→ Available data:
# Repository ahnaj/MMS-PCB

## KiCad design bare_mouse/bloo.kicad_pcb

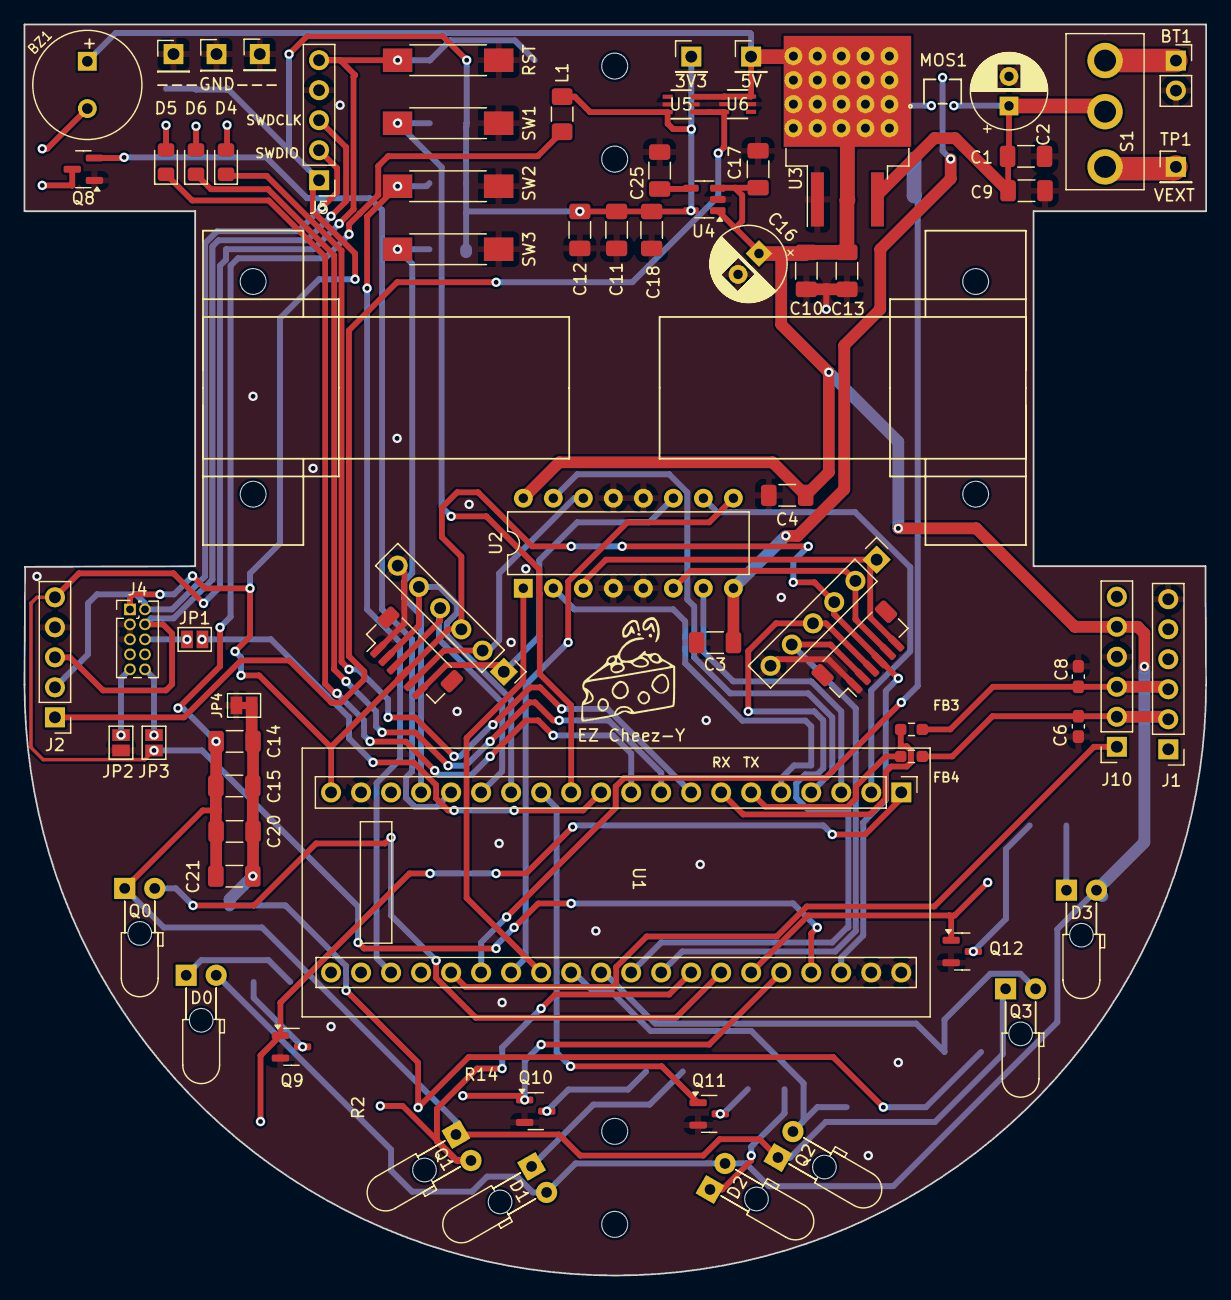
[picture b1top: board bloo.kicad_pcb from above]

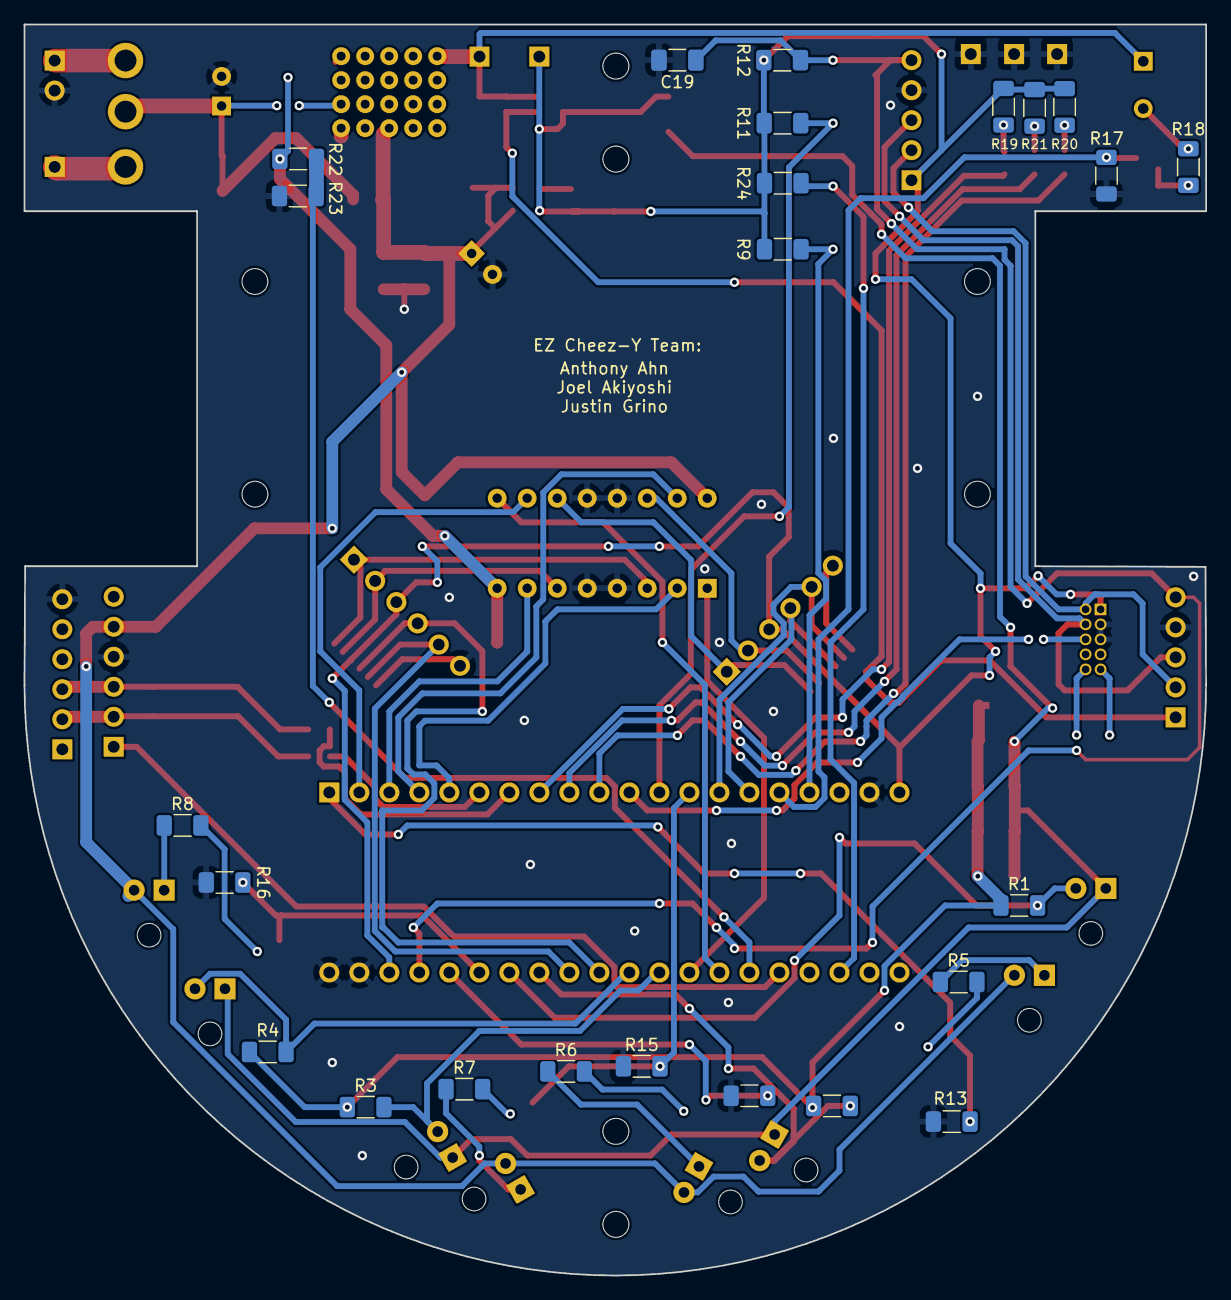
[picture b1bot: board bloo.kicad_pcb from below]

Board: 2 copper layers, 100.0 x 105.9 mm, 99 parts (24 on the bottom side), 66 nets.

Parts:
BT1: Battery_Cell; PinSocket_1x02_P2.54mm_Vertical
BZ1: Buzzer; MagneticBuzzer_PUI_AT-0927-TT-6-R
C1, C4, C12, C13, C19: 0.1uF; C_1206_3216Metric_Pad1.33x1.80mm_HandSolder
C2, C16: 100uF; CP_Radial_D6.3mm_P2.50mm
C3, C14, C15, C17, C18, C20, C21: 1uF; C_1206_3216Metric_Pad1.33x1.80mm_HandSolder
C6, C8: 22pF; C_0603_1608Metric_Pad1.08x0.95mm_HandSolder
C9, C11: 10uF; C_1206_3216Metric_Pad1.33x1.80mm_HandSolder
C10: 10uF(Tantalum); C_1206_3216Metric_Pad1.33x1.80mm_HandSolder
C25: 10nF; C_1206_3216Metric_Pad1.33x1.80mm_HandSolder
D0, D1, D2, D3: SFH4545; Emitter
D4, D5, D6: LED; LED_0805_2012Metric_Pad1.15x1.40mm_HandSolder
FB3, FB4: HZ0603C601R-10; R_0603_1608Metric_Pad0.98x0.95mm_HandSolder
J1: Serial Debug Header; PinHeader_1x06_P2.54mm_Vertical
J2, J5: SWD Header; PinHeader_1x05_P2.54mm_Vertical
J4: Conn_ARM_JTAG_SWD_10; PinHeader_2x05_P1.27mm_Vertical
J10: Conn_01x06_Female; PinSocket_1x06_P2.54mm_Vertical
JP1: JP_SWO; SolderJumper-2_P1.3mm_Open_Pad1.0x1.5mm
JP2: JP_GND; SolderJumper-2_P1.3mm_Open_Pad1.0x1.5mm
JP3: JP_RST; SolderJumper-2_P1.3mm_Open_Pad1.0x1.5mm
JP4: Jumper_2_Open; SolderJumper-2_P1.3mm_Bridged_Pad1.0x1.5mm
L1: 10uH; L_1206_3216Metric_Pad1.42x1.75mm_HandSolder
M1: M1_Conn_Alt; Motor Headers
M2: M2_Conn_Alt; Motor Headers
MOS1: SSM3K335R_LF; SOT-23F_TOS
M_MH1, M_MH2: M2; Motor_mouse
Q0, Q1, Q2, Q3: TEFT4300; Emitter
Q8: Q_NMOS_SGD; SOT-23
Q9, Q10, Q11, Q12: Q_NMOS_GSD; SOT-23
R1, R2, R3, R4: 1.8k; R_1206_3216Metric_Pad1.30x1.75mm_HandSolder
R5, R6, R7, R8: 35; R_1206_3216Metric_Pad1.30x1.75mm_HandSolder
R9, R11, R12, R24: 47K; R_1206_3216Metric_Pad1.30x1.75mm_HandSolder
R13, R14, R15, R16, R17: 47k; R_1206_3216Metric_Pad1.30x1.75mm_HandSolder
R18: 0; R_1206_3216Metric_Pad1.30x1.75mm_HandSolder
R19: 750; R_1206_3216Metric_Pad1.30x1.75mm_HandSolder
R20, R21: 75; R_1206_3216Metric_Pad1.30x1.75mm_HandSolder
R22: 20K; R_1206_3216Metric_Pad1.30x1.75mm_HandSolder
R23: 10K; R_1206_3216Metric_Pad1.30x1.75mm_HandSolder
RST: SW; SW_SPST_REED_CT05-XXXX-G1
S1: EG1218; MM Switch
SK1, SK2, SK3, SK4: M2; MountingHole_2.2mm_M2
SW1, SW2, SW3: SW; SW_SPST_REED_CT05-XXXX-G1
TP1: V_EXT_TP; PinHeader_1x01_P2.54mm_Vertical
TP2, TP5, TP6: GND_TP; PinHeader_1x01_P2.54mm_Vertical
TP3: TP_5V; PinHeader_1x01_P2.54mm_Vertical
TP4: TP_3V3; PinHeader_1x01_P2.54mm_Vertical
U1: YAAJ_BluePill_SWD_Breakout; STM32F103
U2: L293D; DIP-16_W7.62mm
U3: LM1085-5.0; 5V Voltage Reg
U4: APE8865Y5-33-HF-3; SOT-23-5
U5, U6: LM66100DCKR; DCK6_TEX

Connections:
3V3_BYP: C25.1, U4.4 (BYP)
+3.3VA: C14.1, C15.1, C20.1, C21.1, L1.2, Q0.1 (C), Q1.1 (C), Q2.1 (C), Q3.1 (C)
+3V3: C11.1, C12.1, C18.1, J4.1 (VTref), J5.1, L1.1, M1.3, M2.3, R9.1, R11.1, R12.1, R19.2, R20.2, R21.2, R24.1, TP4.1, U1.20 (3V3), U1.38 (3V3), U4.5 (VOUT), U5.6 (VOUT)
+3V3_NET: J2.1, U5.1 (VIN), U6.3 (*CE)
+5V_NET: BZ1.1 (-), C4.1, C10.1, C13.1, C16.1, C17.1, D0.2 (A), D1.2 (A), D2.2 (A), D3.2 (A), J10.5, MOS1.1, TP3.1, U2.16 (VCC1), U3.2 (VO), U4.1 (VIN), U4.3 (~SHDN), U5.3 (*CE), U6.1 (VIN), U6.6 (VOUT)
AGND: C14.2, C15.2, C20.2, C21.2, JP4.2 (B), R1.1, R2.1, R3.1, R4.1
BATT_NET: C1.2, C2.1, C9.1, MOS1.2, S1.2, U3.3 (VI)
BLE_STATE: J10.1, U1.25 (PA0)
BUTTON: R11.2, SW1.1, U1.12 (PB4)
BUTTON_2: R24.2, SW2.1, U1.23 (PC14)
BUTTON_3: R9.2, SW3.1, U1.17 (PB9)
BUZZER: Q8.2 (G), R17.2, U1.16 (PB8)
EMIT_1: Q9.1 (G), R13.2, U1.1 (PB12)
EMIT_2: Q10.1 (G), R14.2, U1.36 (PB11)
EMIT_3: Q12.1 (G), R16.2, U1.35 (PB10)
EMIT_4: Q11.1 (G), R15.2, U1.13 (PB5)
GND: BT1.2 (-), C1.1, C2.2, C3.2, C4.2, C6.2, C8.2, C9.2, C10.2, C11.2, C12.2, C13.2, C16.2, C17.2, C18.2, C19.2, C25.2, J1.6, J2.4, J4.3 (GND), J4.5 (GND), J5.4, J10.4, JP2.1 (A), JP4.1 (A), M1.6, M2.6, Q8.1 (S), Q9.2 (S), Q10.2 (S), Q11.2 (S), Q12.2 (S), R13.1, R14.1, R15.1, R16.1, R17.1, R23.2, RST.2, SW1.2, SW2.2, SW3.2, TP2.1, TP5.1, TP6.1, U1.19 (GND), U1.39 (GND), U1.40 (GND), U2.4 (GND), U2.5 (GND), U2.12 (GND), U2.13 (GND), U3.1 (GND), U4.2 (GND), U5.2 (GND), U5.5 (ST), U6.2 (GND), U6.5 (ST)
LED_BLUE: D6.1 (K), U1.9 (PA12)
LED_GREEN: D5.1 (K), U1.10 (PA15)
LED_RED: D4.1 (K), U1.8 (PA11)
M1_BACK: U1.3 (PB14), U2.7 (2A)
M1_ENC_A: M2.4, U1.31 (PA6)
M1_ENC_B: M2.5, U1.32 (PA7)
M1_FWD: U1.5 (PA8), U2.2 (1A)
M1_OUT_1: M2.1, U2.3 (1Y)
M1_OUT_2: M2.2, U2.6 (2Y)
M1_SPD: U1.28 (PA3), U2.1 (EN1,2)
M2_BACK: U1.4 (PB15), U2.15 (4A)
M2_ENC_A: M1.4, U1.15 (PB7)
M2_ENC_B: M1.5, U1.14 (PB6)
M2_FWD: U1.2 (PB13), U2.10 (3A)
M2_OUT_1: M1.1, U2.11 (3Y)
M2_OUT_2: M1.2, U2.14 (4Y)
M2_SPD: U1.27 (PA2), U2.9 (EN3,4)
unnamed: BT1.1 (+), S1.1
unnamed: BZ1.2 (+), R18.2
unnamed: D0.1 (K), R5.1
unnamed: D1.1 (K), R6.1
unnamed: D2.1 (K), R7.1
unnamed: D3.1 (K), R8.1
unnamed: D4.2 (A), R19.1
unnamed: D5.2 (A), R20.1
unnamed: D6.2 (A), R21.1
unnamed: C6.1, FB4.1, J1.2, J10.2
unnamed: C8.1, FB3.2, J1.3, J10.3
unnamed: J4.9 (GNDDetect), JP2.2 (B)
unnamed: J4.6 (SWO/TDO), JP1.1 (A)
unnamed: J4.10 (~RESET), JP3.2 (B)
unnamed: Q8.3 (D), R18.1
unnamed: Q9.3 (D), R5.2
unnamed: Q10.3 (D), R6.2
unnamed: Q11.3 (D), R7.2
unnamed: Q12.3 (D), R8.2
unnamed: S1.3, TP1.1
RECEIV_1: Q0.2 (E), R1.2, U1.34 (PB1)
RECEIV_2: Q1.2 (E), R2.2, U1.33 (PB0)
RECEIV_3: Q3.2 (E), R4.2, U1.30 (PA5)
RECEIV_4: Q2.2 (E), R3.2, U1.29 (PA4)
RST: C19.1, J2.5, J5.5, JP3.1 (A), R12.2, RST.1, U1.37 (RST)
SWDCLK: J2.3, J4.4 (SWDCLK/TCK), J5.3
SWDIO: J2.2, J4.2 (SWDIO/TMS), J5.2
SWO: JP1.2 (B), U1.11 (PB3)
USART1_RX: FB3.1, U1.7 (PA10)
USART1_TX: FB4.2, U1.6 (PA9)
VCC: C3.1, MOS1.3, R22.1, U2.8 (VCC2)
V_METER: R22.2, R23.1, U1.26 (PA1)

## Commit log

2024-11-26 updating repo with Justin's pcb
2024-11-26 placed components and attempted power traces
2024-12-06 check in modifications
2024-12-06 Resistors traces (#2)
    * placed components and attempted power traces
    * check in modifications
    ---------
2024-12-06 moved capacitors to back
2024-12-06 mira's revisions
2024-12-06 Routing (#3)
    * moved capacitors to back
    * mira's revisions
2024-12-06 Tried starting to route again
2024-12-13 no drc errors for components u4 and u5
2024-12-17 power module
2024-12-19 Finished traces for power modules, around 75% complete, need to efficiently work on motor drivers to connect them to the STM32 without chaos
2024-12-20 Finished routing, DRC shows 8 errors having to do with SWD header module
2024-12-20 Finished routing the mouse, referenced design notes to finalize silkscreen, rearranged SWD header module to fix previous errors - current final draft of the rat
2025-01-02 Fixed minor typo on back silkscreen

→ What is expected: The answer must be every line of the records that holds the string "attempted".

→ Output:
2024-11-26 placed components and attempted power traces
    * placed components and attempted power traces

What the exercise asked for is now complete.